Asesinado
Pompeyo en Egipto, César prosiguió la lucha contra sus partidarios.
Primero hubo de vencer al rey del Ponto, Pharnaces, en la batalla de
Zela (47), que definió con su famosa sentencia veni, vidi, vici («llegué,
vi y vencí»); luego derrotó a los últimos pompeyistas que resistían en
África (batalla de Tapso, 46) y a los propios hijos de Pompeyo en
Hispania (batalla de Munda, cerca de Córdoba, 45). Vencedor en tan larga
guerra civil, César acalló a los descontentos repartiendo dádivas y
recompensas durante las celebraciones que organizó en Roma por la
victoria.
Una vez dueño de la situación, César acumuló cargos y
honores que fortalecieran su poder personal: cónsul por diez años,
prefecto de las costumbres, jefe supremo del ejército, pontífice máximo
(sumo sacerdote), dictador perpetuo y emperador con derecho de
transmisión hereditaria, si bien rechazó la diadema real que le ofreció
Marco Antonio. El Senado fue reducido a un mero consejo del príncipe.
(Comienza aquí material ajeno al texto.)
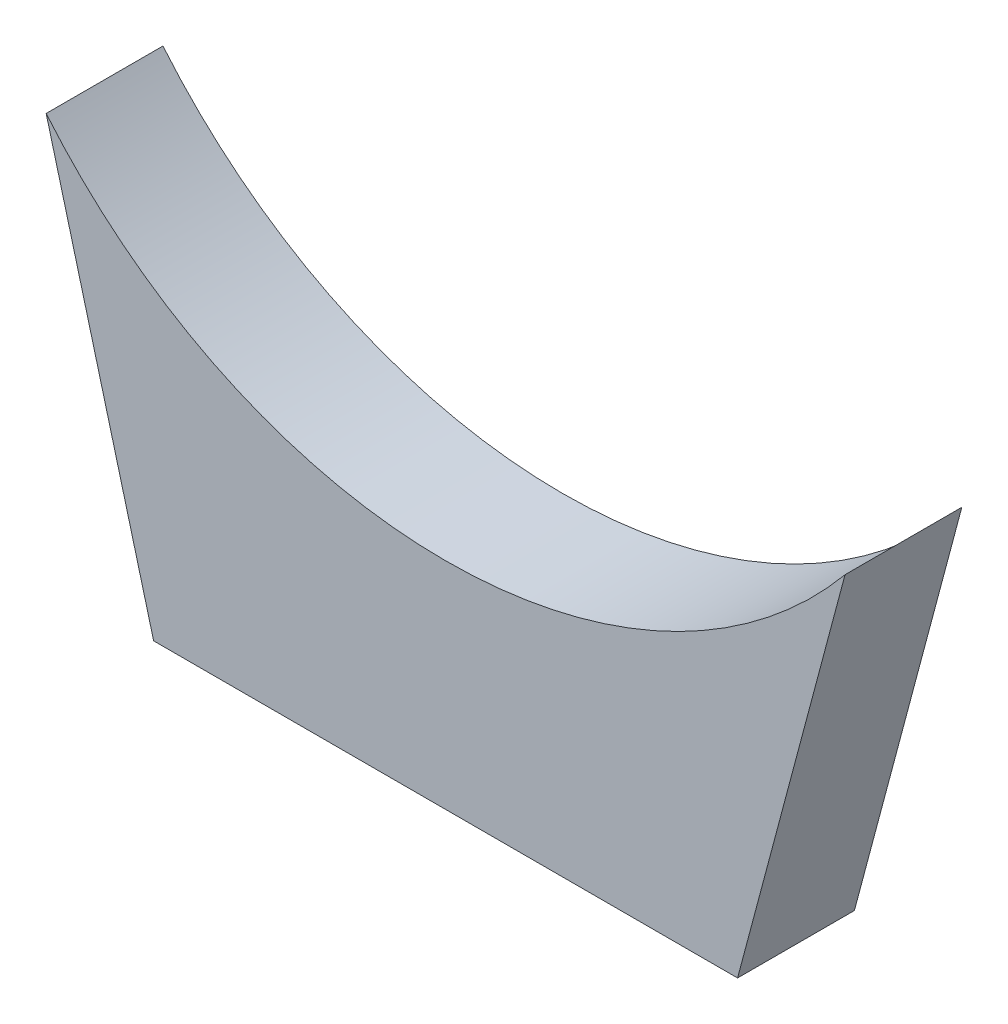
ISO-10303-21;
HEADER;
FILE_DESCRIPTION(('STEP AP214'),'2;1');
FILE_NAME('part.step','',(''),(''),'','','');
FILE_SCHEMA(('AUTOMOTIVE_DESIGN { 1 0 10303 214 1 1 1 1 }'));
ENDSEC;
DATA;
#1=APPLICATION_CONTEXT('core data for automotive mechanical design processes');
#2=APPLICATION_PROTOCOL_DEFINITION('international standard','automotive_design',2000,#1);
#3=PRODUCT_CONTEXT('',#1,'mechanical');
#4=PRODUCT('Part','Part','',(#3));
#5=PRODUCT_RELATED_PRODUCT_CATEGORY('part','',(#4));
#6=PRODUCT_DEFINITION_FORMATION('','',#4);
#7=PRODUCT_DEFINITION_CONTEXT('part definition',#1,'design');
#8=PRODUCT_DEFINITION('design','',#6,#7);
#9=PRODUCT_DEFINITION_SHAPE('','',#8);
#10=(LENGTH_UNIT() NAMED_UNIT(*) SI_UNIT(.MILLI.,.METRE.));
#11=(NAMED_UNIT(*) PLANE_ANGLE_UNIT() SI_UNIT($,.RADIAN.));
#12=(NAMED_UNIT(*) SI_UNIT($,.STERADIAN.) SOLID_ANGLE_UNIT());
#13=UNCERTAINTY_MEASURE_WITH_UNIT(LENGTH_MEASURE(1.E-05),#10,'distance_accuracy_value','');
#14=(GEOMETRIC_REPRESENTATION_CONTEXT(3) GLOBAL_UNCERTAINTY_ASSIGNED_CONTEXT((#13)) GLOBAL_UNIT_ASSIGNED_CONTEXT((#10,
#11,#12)) REPRESENTATION_CONTEXT('',''));
#15=CARTESIAN_POINT('',(0.,0.,0.));
#16=DIRECTION('',(0.,0.,1.));
#17=DIRECTION('',(1.,0.,0.));
#18=AXIS2_PLACEMENT_3D('',#15,#16,#17);
#19=CARTESIAN_POINT('',(0.,0.,211.142551715232));
#20=DIRECTION('',(0.,0.,-1.));
#21=DIRECTION('',(-1.,0.,0.));
#22=AXIS2_PLACEMENT_3D('',#19,#20,#21);
#23=PLANE('',#22);
#24=DIRECTION('',(1.,0.,0.));
#25=VECTOR('',#24,1.);
#26=CARTESIAN_POINT('',(5.52852678123751,112.063669757388,211.142551715231));
#27=LINE('',#26,#25);
#28=CARTESIAN_POINT('',(5.52852678123751,112.063669757388,211.142551715231));
#29=VERTEX_POINT('',#28);
#30=CARTESIAN_POINT('',(183.328526781238,112.063669757388,211.142551715231));
#31=VERTEX_POINT('',#30);
#32=EDGE_CURVE('E43',#29,#31,#27,.T.);
#33=ORIENTED_EDGE('',*,*,#32,.T.);
#34=DIRECTION('',(0.257662650560332,0.966234939601246,0.));
#35=VECTOR('',#34,1.);
#36=CARTESIAN_POINT('',(183.328526781238,112.063669757388,211.142551715231));
#37=LINE('',#36,#35);
#38=CARTESIAN_POINT('',(216.0516834024,234.775507086746,211.142551715231));
#39=VERTEX_POINT('',#38);
#40=EDGE_CURVE('E73',#31,#39,#37,.T.);
#41=ORIENTED_EDGE('',*,*,#40,.T.);
#42=CARTESIAN_POINT('',(94.4285267812376,335.616012130454,211.142559618111));
#43=DIRECTION('',(0.,-7.83700951832912E-08,0.999999999999997));
#44=DIRECTION('',(0.,-0.999999999999997,-7.83700951832912E-08));
#45=AXIS2_PLACEMENT_3D('',#42,#43,#44);
#46=CIRCLE('',#45,157.990505043708);
#47=CARTESIAN_POINT('',(-27.1946298399247,234.775507086747,211.142551715231));
#48=VERTEX_POINT('',#47);
#49=EDGE_CURVE('E69',#48,#39,#46,.T.);
#50=ORIENTED_EDGE('',*,*,#49,.F.);
#51=DIRECTION('',(0.257662650560332,-0.966234939601246,0.));
#52=VECTOR('',#51,1.);
#53=CARTESIAN_POINT('',(-27.1946298399247,234.775507086747,211.142551715231));
#54=LINE('',#53,#52);
#55=EDGE_CURVE('E64',#48,#29,#54,.T.);
#56=ORIENTED_EDGE('',*,*,#55,.T.);
#57=EDGE_LOOP('',(#33,#41,#50,#56));
#58=FACE_BOUND('',#57,.T.);
#59=ADVANCED_FACE('F34',(#58),#23,.F.);
#60=CARTESIAN_POINT('',(0.,0.,175.582551715232));
#61=DIRECTION('',(0.,0.,-1.));
#62=DIRECTION('',(-1.,0.,0.));
#63=AXIS2_PLACEMENT_3D('',#60,#61,#62);
#64=PLANE('',#63);
#65=DIRECTION('',(1.,0.,0.));
#66=VECTOR('',#65,1.);
#67=CARTESIAN_POINT('',(5.52852678123751,112.063669757388,175.582551715231));
#68=LINE('',#67,#66);
#69=CARTESIAN_POINT('',(5.52852678123751,112.063669757388,175.582551715231));
#70=VERTEX_POINT('',#69);
#71=CARTESIAN_POINT('',(183.328526781238,112.063669757388,175.582551715231));
#72=VERTEX_POINT('',#71);
#73=EDGE_CURVE('E12',#70,#72,#68,.T.);
#74=ORIENTED_EDGE('',*,*,#73,.F.);
#75=DIRECTION('',(0.257662650560332,-0.966234939601246,0.));
#76=VECTOR('',#75,1.);
#77=CARTESIAN_POINT('',(-27.1946298399247,234.775507086747,175.582551715231));
#78=LINE('',#77,#76);
#79=CARTESIAN_POINT('',(-27.1946298399247,234.775507086747,175.582551715231));
#80=VERTEX_POINT('',#79);
#81=EDGE_CURVE('E87',#80,#70,#78,.T.);
#82=ORIENTED_EDGE('',*,*,#81,.F.);
#83=CARTESIAN_POINT('',(94.4285267812376,335.616012130454,175.582559618111));
#84=DIRECTION('',(0.,-7.83700951832912E-08,0.999999999999997));
#85=DIRECTION('',(0.,-0.999999999999997,-7.83700951832912E-08));
#86=AXIS2_PLACEMENT_3D('',#83,#84,#85);
#87=CIRCLE('',#86,157.990505043708);
#88=CARTESIAN_POINT('',(216.0516834024,234.775507086746,175.582551715231));
#89=VERTEX_POINT('',#88);
#90=EDGE_CURVE('E80',#80,#89,#87,.T.);
#91=ORIENTED_EDGE('',*,*,#90,.T.);
#92=DIRECTION('',(0.257662650560332,0.966234939601246,0.));
#93=VECTOR('',#92,1.);
#94=CARTESIAN_POINT('',(183.328526781238,112.063669757388,175.582551715231));
#95=LINE('',#94,#93);
#96=EDGE_CURVE('E84',#72,#89,#95,.T.);
#97=ORIENTED_EDGE('',*,*,#96,.F.);
#98=EDGE_LOOP('',(#74,#82,#91,#97));
#99=FACE_BOUND('',#98,.T.);
#100=ADVANCED_FACE('F82',(#99),#64,.T.);
#101=CARTESIAN_POINT('',(-27.1946298399247,234.775507086747,175.582551715231));
#102=DIRECTION('',(-0.966234939601246,-0.257662650560332,0.));
#103=DIRECTION('',(0.257662650560332,-0.966234939601247,0.));
#104=AXIS2_PLACEMENT_3D('',#101,#102,#103);
#105=PLANE('',#104);
#106=ORIENTED_EDGE('',*,*,#55,.F.);
#107=DIRECTION('',(0.,0.,1.));
#108=VECTOR('',#107,1.);
#109=CARTESIAN_POINT('',(-27.1946298399248,234.775507086747,175.582551715231));
#110=LINE('',#109,#108);
#111=EDGE_CURVE('E106',#80,#48,#110,.T.);
#112=ORIENTED_EDGE('',*,*,#111,.F.);
#113=ORIENTED_EDGE('',*,*,#81,.T.);
#114=DIRECTION('',(0.,0.,1.));
#115=VECTOR('',#114,1.);
#116=CARTESIAN_POINT('',(5.52852678123751,112.063669757388,175.582551715231));
#117=LINE('',#116,#115);
#118=EDGE_CURVE('E119',#70,#29,#117,.T.);
#119=ORIENTED_EDGE('',*,*,#118,.T.);
#120=EDGE_LOOP('',(#106,#112,#113,#119));
#121=FACE_BOUND('',#120,.T.);
#122=ADVANCED_FACE('F130',(#121),#105,.T.);
#123=CARTESIAN_POINT('',(183.328526781238,112.063669757388,175.582551715231));
#124=DIRECTION('',(0.966234939601246,-0.257662650560332,0.));
#125=DIRECTION('',(0.257662650560332,0.966234939601246,0.));
#126=AXIS2_PLACEMENT_3D('',#123,#124,#125);
#127=PLANE('',#126);
#128=ORIENTED_EDGE('',*,*,#40,.F.);
#129=DIRECTION('',(0.,0.,1.));
#130=VECTOR('',#129,1.);
#131=CARTESIAN_POINT('',(183.328526781238,112.063669757388,175.582551715231));
#132=LINE('',#131,#130);
#133=EDGE_CURVE('E96',#72,#31,#132,.T.);
#134=ORIENTED_EDGE('',*,*,#133,.F.);
#135=ORIENTED_EDGE('',*,*,#96,.T.);
#136=DIRECTION('',(0.,0.,1.));
#137=VECTOR('',#136,1.);
#138=CARTESIAN_POINT('',(216.0516834024,234.775507086747,175.582551715231));
#139=LINE('',#138,#137);
#140=EDGE_CURVE('E90',#89,#39,#139,.T.);
#141=ORIENTED_EDGE('',*,*,#140,.T.);
#142=EDGE_LOOP('',(#128,#134,#135,#141));
#143=FACE_BOUND('',#142,.T.);
#144=ADVANCED_FACE('F95',(#143),#127,.T.);
#145=CARTESIAN_POINT('',(5.52852678123751,112.063669757388,175.582551715231));
#146=DIRECTION('',(0.,-1.,0.));
#147=DIRECTION('',(0.,0.,-1.));
#148=AXIS2_PLACEMENT_3D('',#145,#146,#147);
#149=PLANE('',#148);
#150=ORIENTED_EDGE('',*,*,#32,.F.);
#151=ORIENTED_EDGE('',*,*,#118,.F.);
#152=ORIENTED_EDGE('',*,*,#73,.T.);
#153=ORIENTED_EDGE('',*,*,#133,.T.);
#154=EDGE_LOOP('',(#150,#151,#152,#153));
#155=FACE_BOUND('',#154,.T.);
#156=ADVANCED_FACE('F132',(#155),#149,.T.);
#157=CARTESIAN_POINT('',(94.4285267812376,335.616012130454,175.582559618111));
#158=DIRECTION('',(0.,0.,1.));
#159=DIRECTION('',(1.,0.,0.));
#160=AXIS2_PLACEMENT_3D('',#157,#158,#159);
#161=CYLINDRICAL_SURFACE('',#160,157.990505043708);
#162=ORIENTED_EDGE('',*,*,#49,.T.);
#163=ORIENTED_EDGE('',*,*,#140,.F.);
#164=ORIENTED_EDGE('',*,*,#90,.F.);
#165=ORIENTED_EDGE('',*,*,#111,.T.);
#166=EDGE_LOOP('',(#162,#163,#164,#165));
#167=FACE_BOUND('',#166,.T.);
#168=ADVANCED_FACE('F92',(#167),#161,.F.);
#169=CLOSED_SHELL('',(#59,#100,#122,#144,#156,#168));
#170=MANIFOLD_SOLID_BREP('B2',#169);
#171=ADVANCED_BREP_SHAPE_REPRESENTATION('',(#18,#170),#14);
#172=SHAPE_DEFINITION_REPRESENTATION(#9,#171);
ENDSEC;
END-ISO-10303-21;

Estableció así una dictadura militar disimulada por la apariencia de
acumulación de magistraturas civiles.
Julio César
murió asesinado en una conjura dirigida por Casio y Bruto, que le
impidió completar sus reformas; no obstante, dejó terminadas algunas,
como el cambio del calendario (que se mantuvo hasta el siglo XVI), una
nueva ley municipal que concedía mayor autonomía a las ciudades o el
reasentamiento como agricultores de las masas italianas proletarizadas;
todo apuntaba a transformar Roma de la ciudad-estado que había sido en
cabeza de un imperio que abarcara la práctica totalidad del mundo
conocido, al tiempo que se transformaba su vieja constitución
oligárquica por una monarquía autoritaria de tintes populistas; dicha
obra sería completada por su sobrino-nieto y sucesor, Octavio Augusto.